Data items
*** Block opens ***
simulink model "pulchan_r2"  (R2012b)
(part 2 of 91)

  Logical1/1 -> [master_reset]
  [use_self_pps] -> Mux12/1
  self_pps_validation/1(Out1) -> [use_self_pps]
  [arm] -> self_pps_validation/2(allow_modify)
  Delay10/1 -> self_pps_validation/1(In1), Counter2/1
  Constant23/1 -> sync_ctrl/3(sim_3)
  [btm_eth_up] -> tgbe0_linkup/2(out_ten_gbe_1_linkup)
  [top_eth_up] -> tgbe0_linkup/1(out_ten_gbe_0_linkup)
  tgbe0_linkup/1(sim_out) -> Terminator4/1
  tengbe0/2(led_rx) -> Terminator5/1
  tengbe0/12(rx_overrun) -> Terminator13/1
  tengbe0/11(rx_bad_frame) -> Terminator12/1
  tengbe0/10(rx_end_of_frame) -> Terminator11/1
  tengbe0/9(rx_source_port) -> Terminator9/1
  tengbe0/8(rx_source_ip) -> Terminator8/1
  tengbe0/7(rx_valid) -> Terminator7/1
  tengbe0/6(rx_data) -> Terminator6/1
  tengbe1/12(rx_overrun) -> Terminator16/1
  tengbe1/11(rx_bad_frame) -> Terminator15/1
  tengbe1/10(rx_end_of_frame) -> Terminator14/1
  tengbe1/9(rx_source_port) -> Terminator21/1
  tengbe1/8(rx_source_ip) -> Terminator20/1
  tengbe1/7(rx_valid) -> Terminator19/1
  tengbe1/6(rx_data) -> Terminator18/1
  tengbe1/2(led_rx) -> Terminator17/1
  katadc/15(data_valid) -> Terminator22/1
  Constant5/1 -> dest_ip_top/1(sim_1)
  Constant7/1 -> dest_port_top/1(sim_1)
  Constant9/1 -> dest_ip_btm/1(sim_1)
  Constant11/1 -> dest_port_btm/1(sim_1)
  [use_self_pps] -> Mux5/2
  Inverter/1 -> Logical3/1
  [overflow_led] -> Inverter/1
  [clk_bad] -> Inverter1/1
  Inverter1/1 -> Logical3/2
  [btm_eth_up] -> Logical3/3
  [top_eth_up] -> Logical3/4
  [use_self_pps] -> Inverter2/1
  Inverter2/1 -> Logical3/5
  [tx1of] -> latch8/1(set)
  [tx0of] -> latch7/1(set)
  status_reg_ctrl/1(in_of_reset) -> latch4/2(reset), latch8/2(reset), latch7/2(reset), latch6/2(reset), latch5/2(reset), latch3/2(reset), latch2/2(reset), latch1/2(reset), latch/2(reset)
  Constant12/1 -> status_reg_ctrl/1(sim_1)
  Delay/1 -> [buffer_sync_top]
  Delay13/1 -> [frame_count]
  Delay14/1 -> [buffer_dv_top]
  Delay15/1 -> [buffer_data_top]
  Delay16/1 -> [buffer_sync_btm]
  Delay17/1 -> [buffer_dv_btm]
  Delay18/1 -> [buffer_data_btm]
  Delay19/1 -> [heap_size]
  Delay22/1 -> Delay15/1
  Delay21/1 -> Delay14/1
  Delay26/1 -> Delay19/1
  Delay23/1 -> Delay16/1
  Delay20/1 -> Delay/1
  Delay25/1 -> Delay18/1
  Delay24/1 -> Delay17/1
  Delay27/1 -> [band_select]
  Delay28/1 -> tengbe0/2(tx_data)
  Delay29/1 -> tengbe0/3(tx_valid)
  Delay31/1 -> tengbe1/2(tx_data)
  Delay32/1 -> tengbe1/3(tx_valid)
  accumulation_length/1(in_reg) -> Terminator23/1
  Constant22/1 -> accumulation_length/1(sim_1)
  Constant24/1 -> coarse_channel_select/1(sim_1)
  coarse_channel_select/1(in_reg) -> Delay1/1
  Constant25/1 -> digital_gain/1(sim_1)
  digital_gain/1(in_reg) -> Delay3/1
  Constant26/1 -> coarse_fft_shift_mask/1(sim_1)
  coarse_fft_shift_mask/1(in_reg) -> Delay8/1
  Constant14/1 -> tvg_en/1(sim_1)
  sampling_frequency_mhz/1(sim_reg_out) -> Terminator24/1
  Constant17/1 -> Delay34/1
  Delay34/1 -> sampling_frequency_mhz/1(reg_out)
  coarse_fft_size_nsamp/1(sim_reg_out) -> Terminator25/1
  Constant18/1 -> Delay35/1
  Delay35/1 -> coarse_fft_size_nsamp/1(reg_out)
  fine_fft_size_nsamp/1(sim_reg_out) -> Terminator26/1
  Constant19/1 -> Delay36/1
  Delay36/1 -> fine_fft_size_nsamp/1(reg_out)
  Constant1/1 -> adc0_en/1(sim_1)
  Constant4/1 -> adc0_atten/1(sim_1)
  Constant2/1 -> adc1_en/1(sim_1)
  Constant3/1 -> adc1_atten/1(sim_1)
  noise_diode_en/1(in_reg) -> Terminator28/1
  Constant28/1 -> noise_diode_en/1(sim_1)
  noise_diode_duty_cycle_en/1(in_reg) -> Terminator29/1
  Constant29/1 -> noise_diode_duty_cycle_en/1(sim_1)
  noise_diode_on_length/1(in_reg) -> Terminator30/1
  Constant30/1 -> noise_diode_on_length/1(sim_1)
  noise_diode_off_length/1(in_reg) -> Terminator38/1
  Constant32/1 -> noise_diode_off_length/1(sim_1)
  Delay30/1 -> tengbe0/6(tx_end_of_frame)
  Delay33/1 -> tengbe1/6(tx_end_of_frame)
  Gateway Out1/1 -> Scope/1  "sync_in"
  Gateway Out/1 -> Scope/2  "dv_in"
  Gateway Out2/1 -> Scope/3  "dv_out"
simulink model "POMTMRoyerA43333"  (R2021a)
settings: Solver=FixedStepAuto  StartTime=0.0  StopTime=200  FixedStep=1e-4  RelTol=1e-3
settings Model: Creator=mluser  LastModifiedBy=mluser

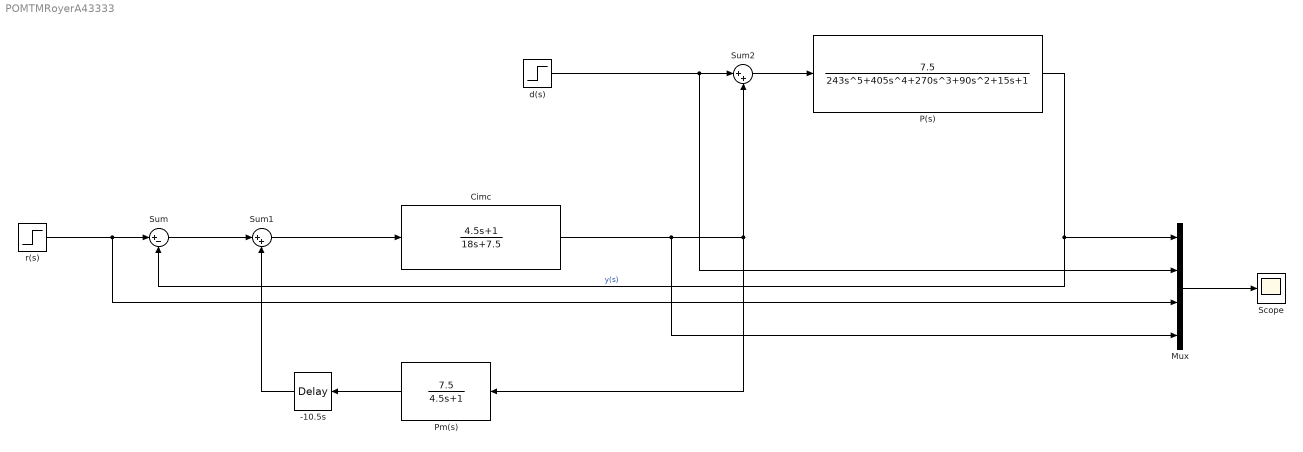
== system POMTMRoyerA43333 ==
  -10.5s : TransportDelay  DelayTime=10.5
  Cimc : TransferFcn  Numerator=[4.5 1]  Denominator=[18 7.5]
  Mux : Mux
  P(s) : TransferFcn  Numerator=[7.5]  Denominator=[243 405 270 90 15 1]
  Pm(s) : TransferFcn  Numerator=[7.5]  Denominator=[4.5 1]
  Scope : Scope
  Sum : Sum  Inputs=|+-
  Sum1 : Sum  Inputs=|++
  Sum2 : Sum  Inputs=|++
  d(s) : Step  Time=80  After=5  SampleTime=0
  r(s) : Step  Time=5  After=15  SampleTime=0
  wires:
  P(s)/1 -> Mux/1, Sum/2  "y(s)"
  r(s)/1 -> Mux/3, Sum/1
  -10.5s/1 -> Sum1/2
  Cimc/1 -> Mux/4, Pm(s)/1, Sum2/2
  Sum/1 -> Sum1/1
  Sum1/1 -> Cimc/1
  d(s)/1 -> Mux/2, Sum2/1
  Pm(s)/1 -> -10.5s/1
  Mux/1 -> Scope/1
  Sum2/1 -> P(s)/1
*** Block closes ***
Transcribe the records from their first line. Stop after the line with "tengbe0/11(rx_bad_frame) -> Terminator12/1", including it.

- **Task solution**
simulink model "pulchan_r2"  (R2012b)
(part 2 of 91)

  Logical1/1 -> [master_reset]
  [use_self_pps] -> Mux12/1
  self_pps_validation/1(Out1) -> [use_self_pps]
  [arm] -> self_pps_validation/2(allow_modify)
  Delay10/1 -> self_pps_validation/1(In1), Counter2/1
  Constant23/1 -> sync_ctrl/3(sim_3)
  [btm_eth_up] -> tgbe0_linkup/2(out_ten_gbe_1_linkup)
  [top_eth_up] -> tgbe0_linkup/1(out_ten_gbe_0_linkup)
  tgbe0_linkup/1(sim_out) -> Terminator4/1
  tengbe0/2(led_rx) -> Terminator5/1
  tengbe0/12(rx_overrun) -> Terminator13/1
  tengbe0/11(rx_bad_frame) -> Terminator12/1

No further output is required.